They’re not gonna have any control over that property. And that’s kind of the definition of the straw buyer. And that’s kind of some, And then when kind of everything hit the fan back then there were all these people who were, had these loans who then all of a sudden actually did become liable for, Yeah, those properties when values were lost.
That kind of a. So it’s important that, that all three partners are active partners. Like you can’t have passivity in a partnership or you can, Again, I’m not an attorney, that kind of thing. This is just my best understanding of how our attorneys explained it to me is that when you have a passive scenario of one of the partners or or two of the partners, if there’s three of them, you know, all of a sudden you’re, you’re creating a security and one of the exemptions to a security issue.

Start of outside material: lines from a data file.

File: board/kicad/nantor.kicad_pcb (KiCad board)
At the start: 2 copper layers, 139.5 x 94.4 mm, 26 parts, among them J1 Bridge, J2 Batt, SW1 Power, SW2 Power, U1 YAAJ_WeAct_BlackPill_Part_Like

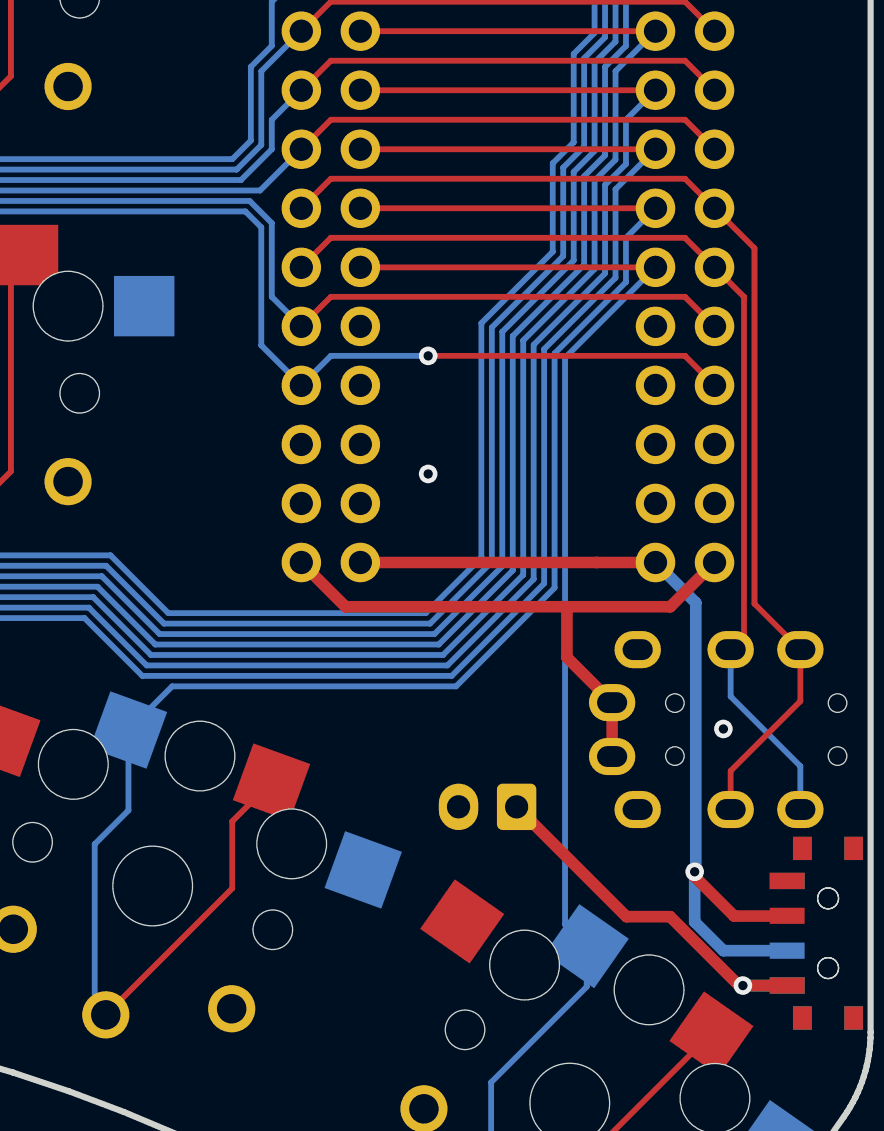
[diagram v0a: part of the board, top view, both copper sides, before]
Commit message: Move battery connector
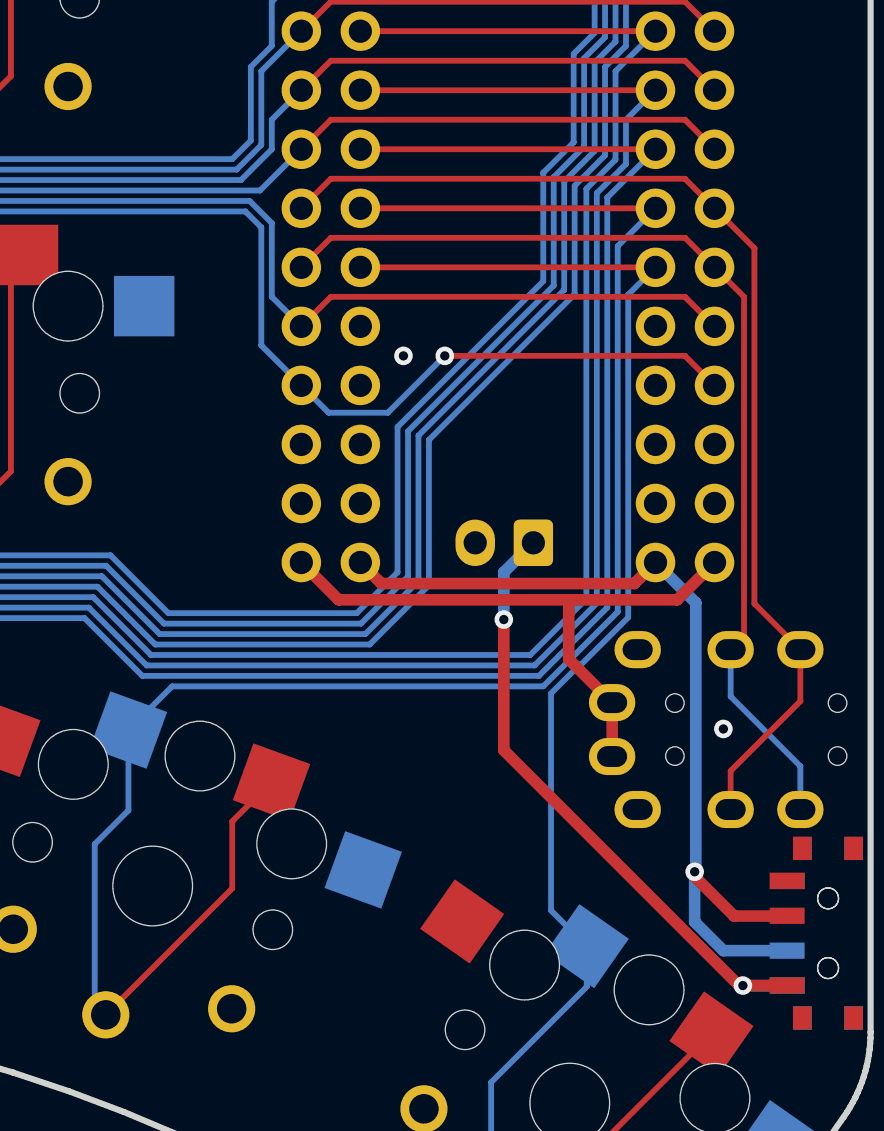
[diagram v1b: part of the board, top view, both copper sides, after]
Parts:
- moved J2 11.4 mm to (193.5, 104.7)
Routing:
- net Net-(J2-Pin_1): track 16.7 -> 27.7 mm, vias 1 -> 2
- net /k35: track 77.7 -> 79.9 mm
- net /k34: track 102.7 -> 104.9 mm
- net /k33: track 127.1 -> 129.3 mm
- net /k21: track 167.5 -> 169.7 mm
- net /k25: track 100.0 -> 98.3 mm
- net /k23: track 135.6 -> 133.8 mm
- net /k24: track 117.3 -> 115.6 mm
- net /k22: track 149.7 -> 148.0 mm
- net /k10: track 169.6 -> 170.5 mm
- net Net-(SW1-B): track 38.3 -> 39.0 mm
- net /k36: track 69.9 -> 70.5 mm

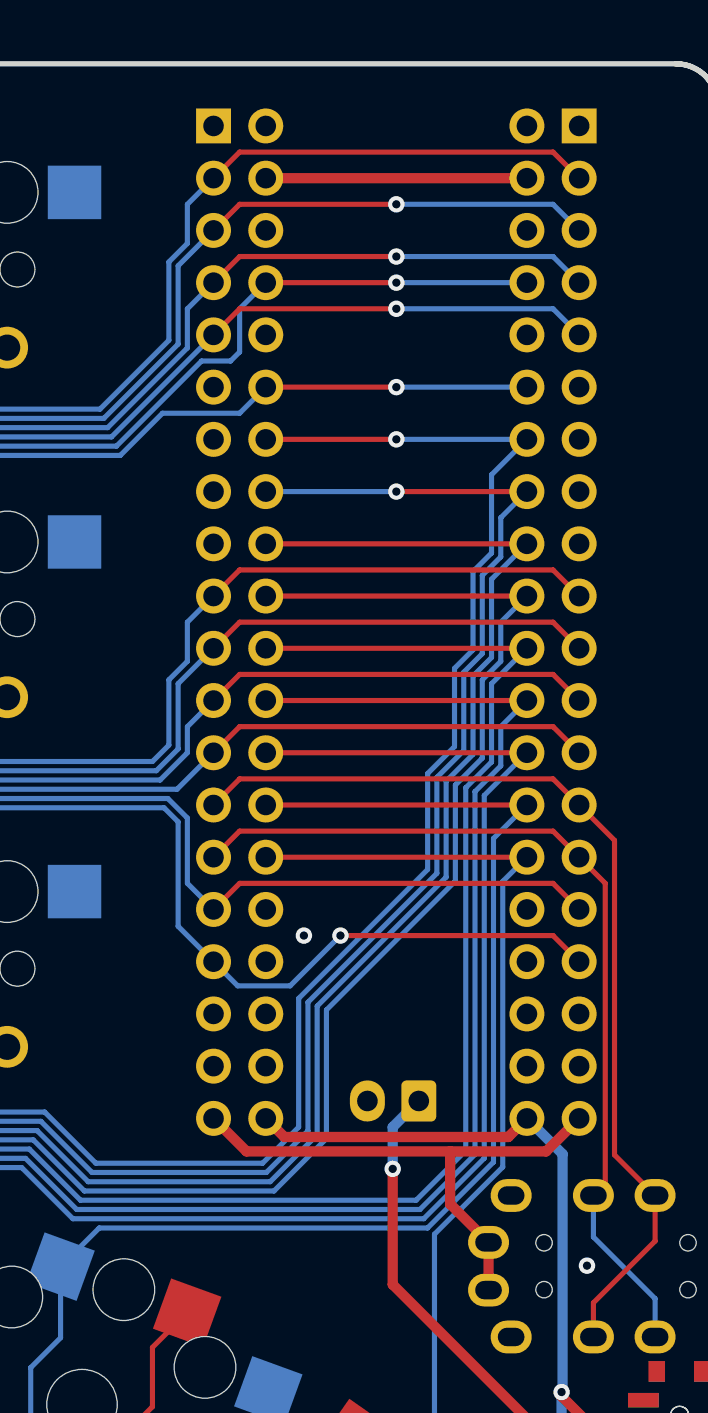
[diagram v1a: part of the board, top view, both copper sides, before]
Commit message: Add LEDs
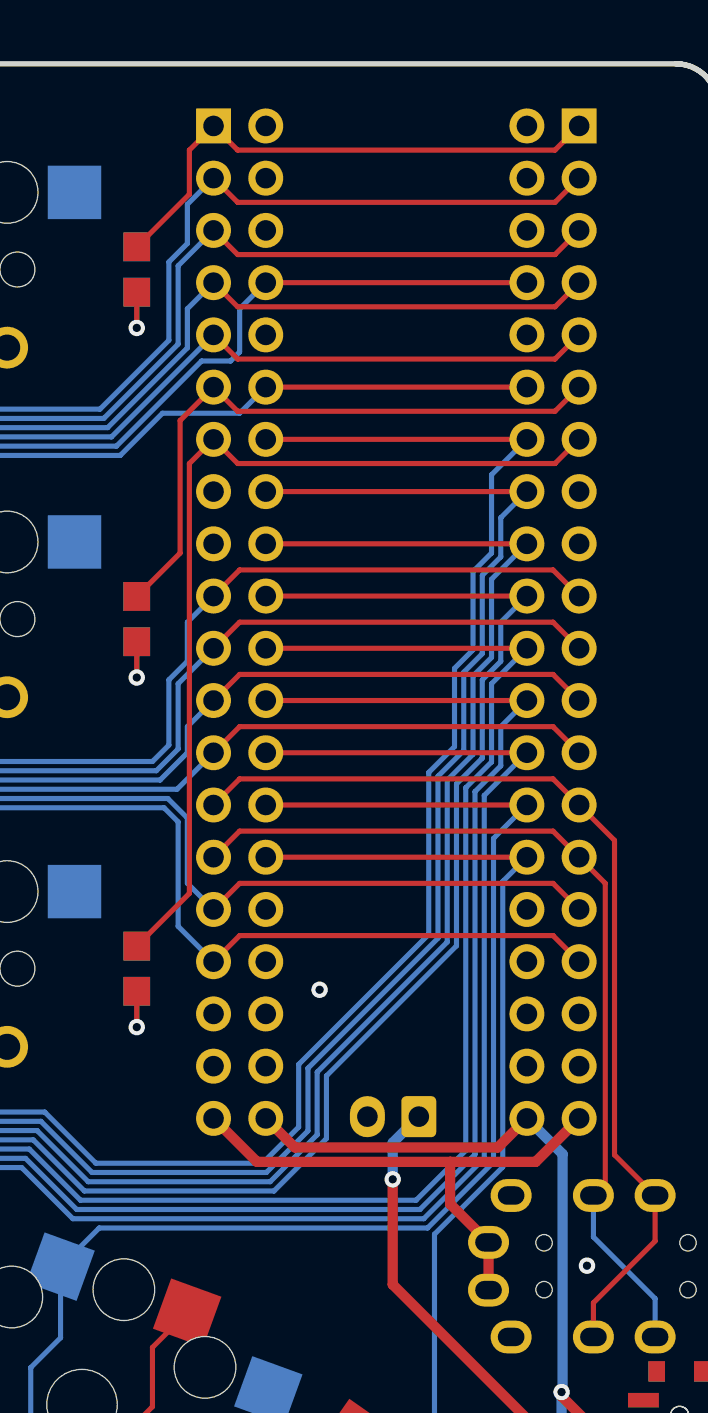
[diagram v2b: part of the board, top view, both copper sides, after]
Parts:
- added D1: LED, nantor:LED_0805, F.Cu at (179.8, 98.3)
- added D2: LED, nantor:LED_0805, F.Cu at (179.8, 81.3)
- added D3: LED, nantor:LED_0805, F.Cu at (179.8, 64.3)
- added R1: R, nantor:LED_0805, B.Cu at (179.8, 98.3)
- added R2: R, nantor:LED_0805, B.Cu at (179.8, 81.3)
- added R3: R, nantor:LED_0805, B.Cu at (179.8, 64.3)
- moved J2 0.76 mm to (193.5, 105.5)
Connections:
- net Net-(J2-Pin_1) renamed /BatPwr
- net Net-(SW1-B) renamed /BatActive
- net Net-(U1-PB6) renamed /TX
- net Net-(U1-PB7) renamed /RX
- U1 pad 1: unconnected-(U1-PB12-Pad1) -> /L3
- U1 pad 6: unconnected-(U1-PA9-Pad6) -> /L2
- U1 pad 7: unconnected-(U1-PA10-Pad7) -> /L1
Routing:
- net /L1: track 0.00 -> 44.9 mm
- net /L2: track 0.00 -> 30.5 mm
- net /L3: track 0.00 -> 26.2 mm
- net GND: track 12.7 -> 0.00 mm
- net Net-(D3-K): track 0.00 -> 3.48 mm, vias 0 -> 1
- net Net-(D2-K): track 0.00 -> 3.48 mm, vias 0 -> 1
- net Net-(D1-K): track 0.00 -> 3.48 mm, vias 0 -> 1
- net /k10: track 170.5 -> 169.6 mm, vias 1 -> 0
- net /BatPwr: track 27.7 -> 27.0 mm
- net /k25: track 98.3 -> 98.5 mm, vias 1 -> 0
- net /k04: vias 1 -> 0
- net /k03: vias 1 -> 0
- net /k02: vias 1 -> 0
- net /k24: vias 1 -> 0
- net /k01: vias 1 -> 0
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
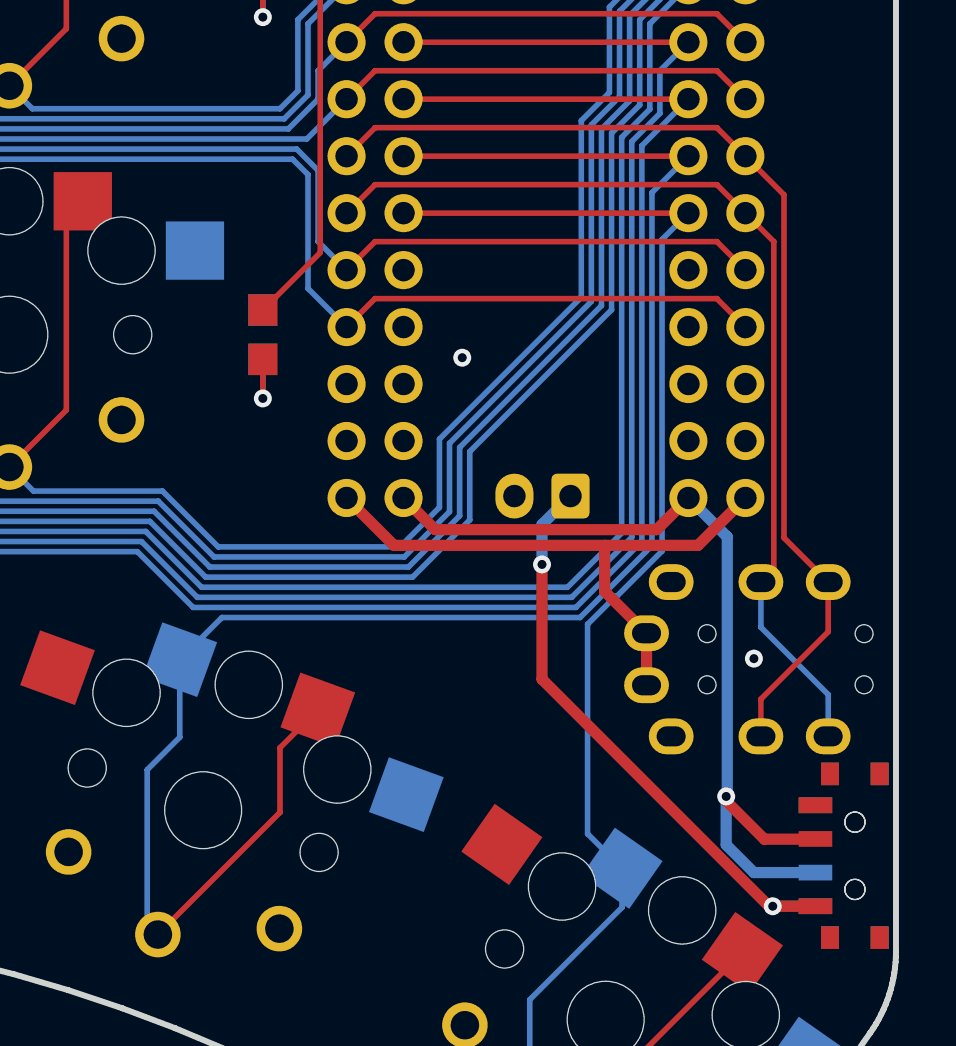
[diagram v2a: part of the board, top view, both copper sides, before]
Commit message: Reduce amount of vias
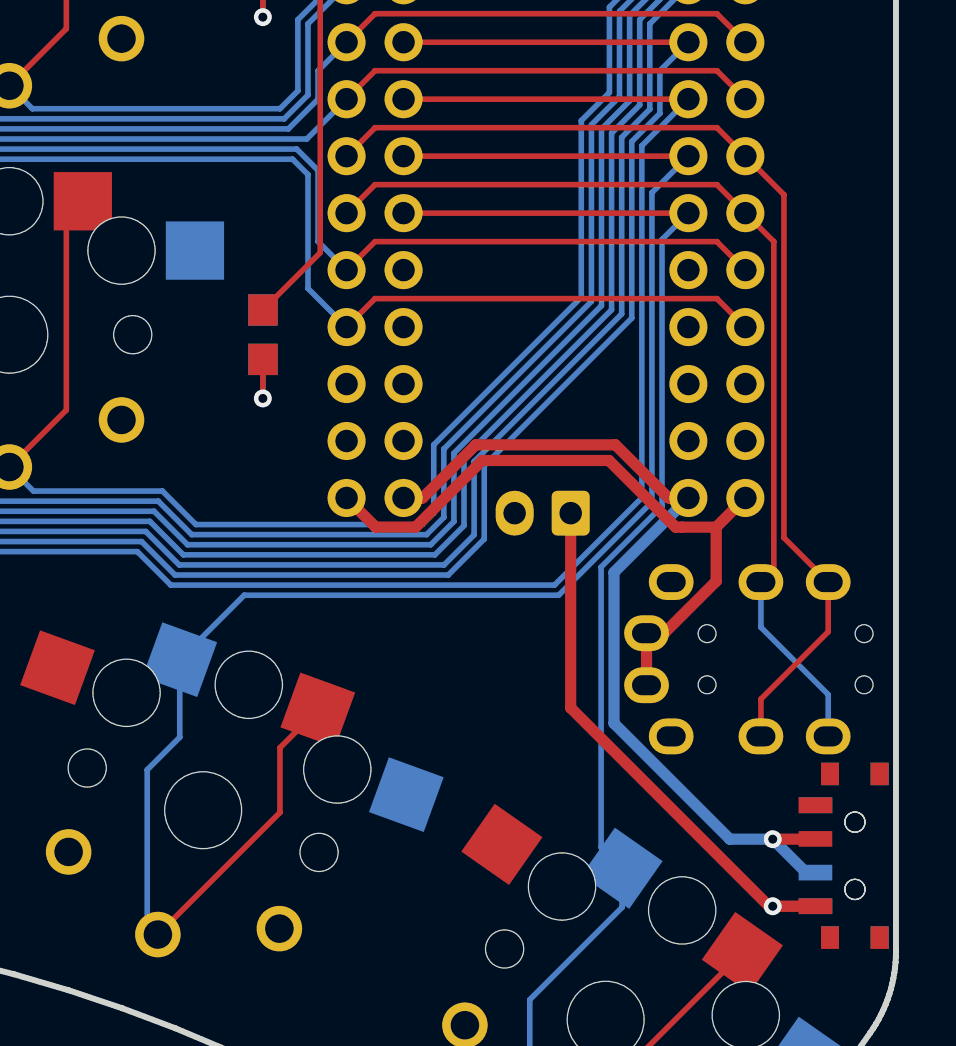
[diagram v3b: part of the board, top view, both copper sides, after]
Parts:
- moved J2 0.76 mm to (193.5, 106.2)
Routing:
- net /k33: track 129.3 -> 124.7 mm
- net /k21: track 169.7 -> 165.1 mm
- net +3.3V: track 26.5 -> 30.1 mm
- net /k34: track 104.9 -> 103.0 mm
- net /BatPwr: track 27.0 -> 25.2 mm, vias 2 -> 1
- net /k35: track 79.9 -> 78.8 mm
- net /k25: track 98.5 -> 97.7 mm
- net /k24: track 115.6 -> 114.7 mm
- net /k23: track 133.8 -> 133.0 mm
- net /k22: track 148.0 -> 147.2 mm
- net /k36: track 70.5 -> 69.9 mm
- net GND: vias 2 -> 0

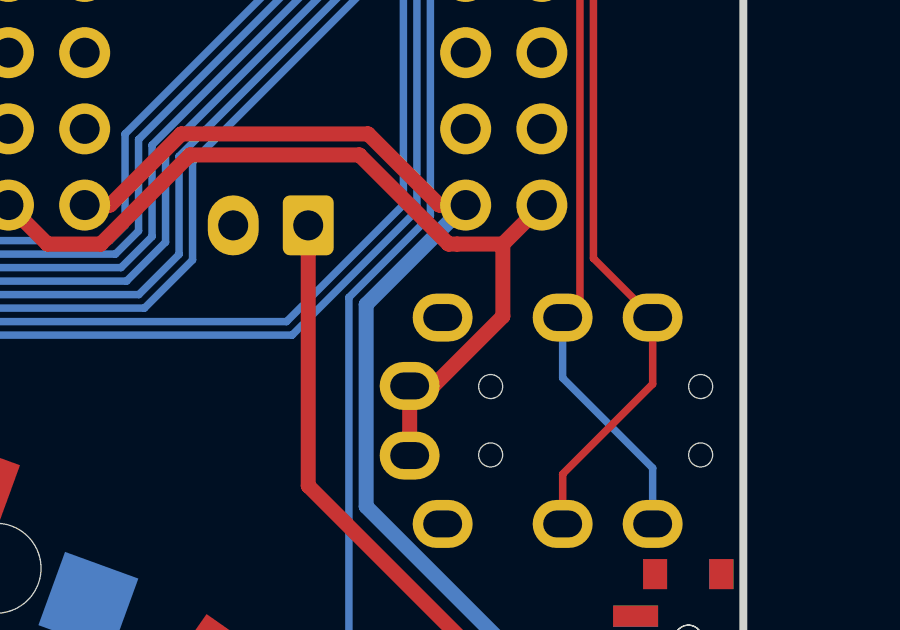
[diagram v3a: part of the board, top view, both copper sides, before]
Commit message: Increase ground plane
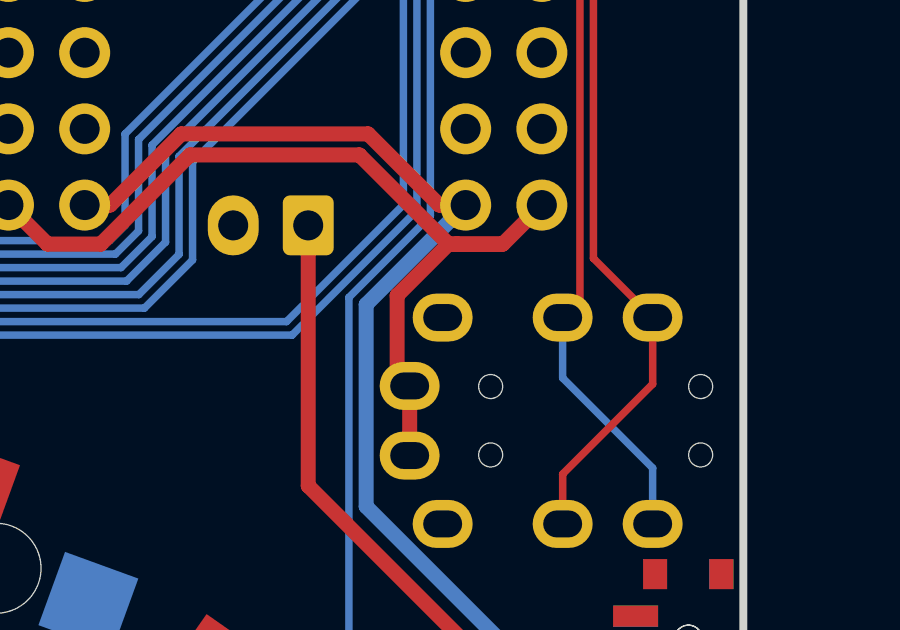
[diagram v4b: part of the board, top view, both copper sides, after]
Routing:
- net +3.3V: track 30.1 -> 31.1 mm

Is, is that all partners are active, they have decision making, capability and, and control, right? Some, some degree of voting rights and that kind of a thing. And so those elements are important in, in a partnership as well, aside from just you know, who gets what and that kind of a thing. So having said that, getting back specifically to the credit partner, we like the idea of the credit partner keeping the property in their name with the background in the operating agreement, Defin.
Kind of everything else behind the scenes. And so what’s the value of, of what a credit partner brings to the table? We believe that a credit partner is, you know, somewhere between 20 and 50%, and in many cases, depending on what the other partners are bringing to the table. 20% is a great number for a credit partner in Yeah.
In my estimation. And in other scenarios it makes sense to, for them to have, you know, something higher. And that’s all negotiated between the partners so that all parties are benefiting. Yeah. From the partnership. Exactly. And I’m really glad you, uh, described what a straw buyer was cuz I was always like, how do you buy a house with straw?
And so thank you for that. I really. I needed that. So thank you so much. No, so this is a good point, right? So, so there’s the credit partner we kind of talked to that maybe who that kind of individual is, the value that they bring, what that value is worth. And now let’s kind of transition into the money partner cuz I think what a lot of people think when they look at a partnership, they would mo and I see if you agree with me on this.
I think most people look at the money as the most important. So therefore it should make the most in the partnership. But we don’t necessarily think that. The case 100% of the time. So let’s talk a little bit about the money partner, what they do, what they’re responsible for, and maybe what that kind of value and percentage of value is worth to a partnership.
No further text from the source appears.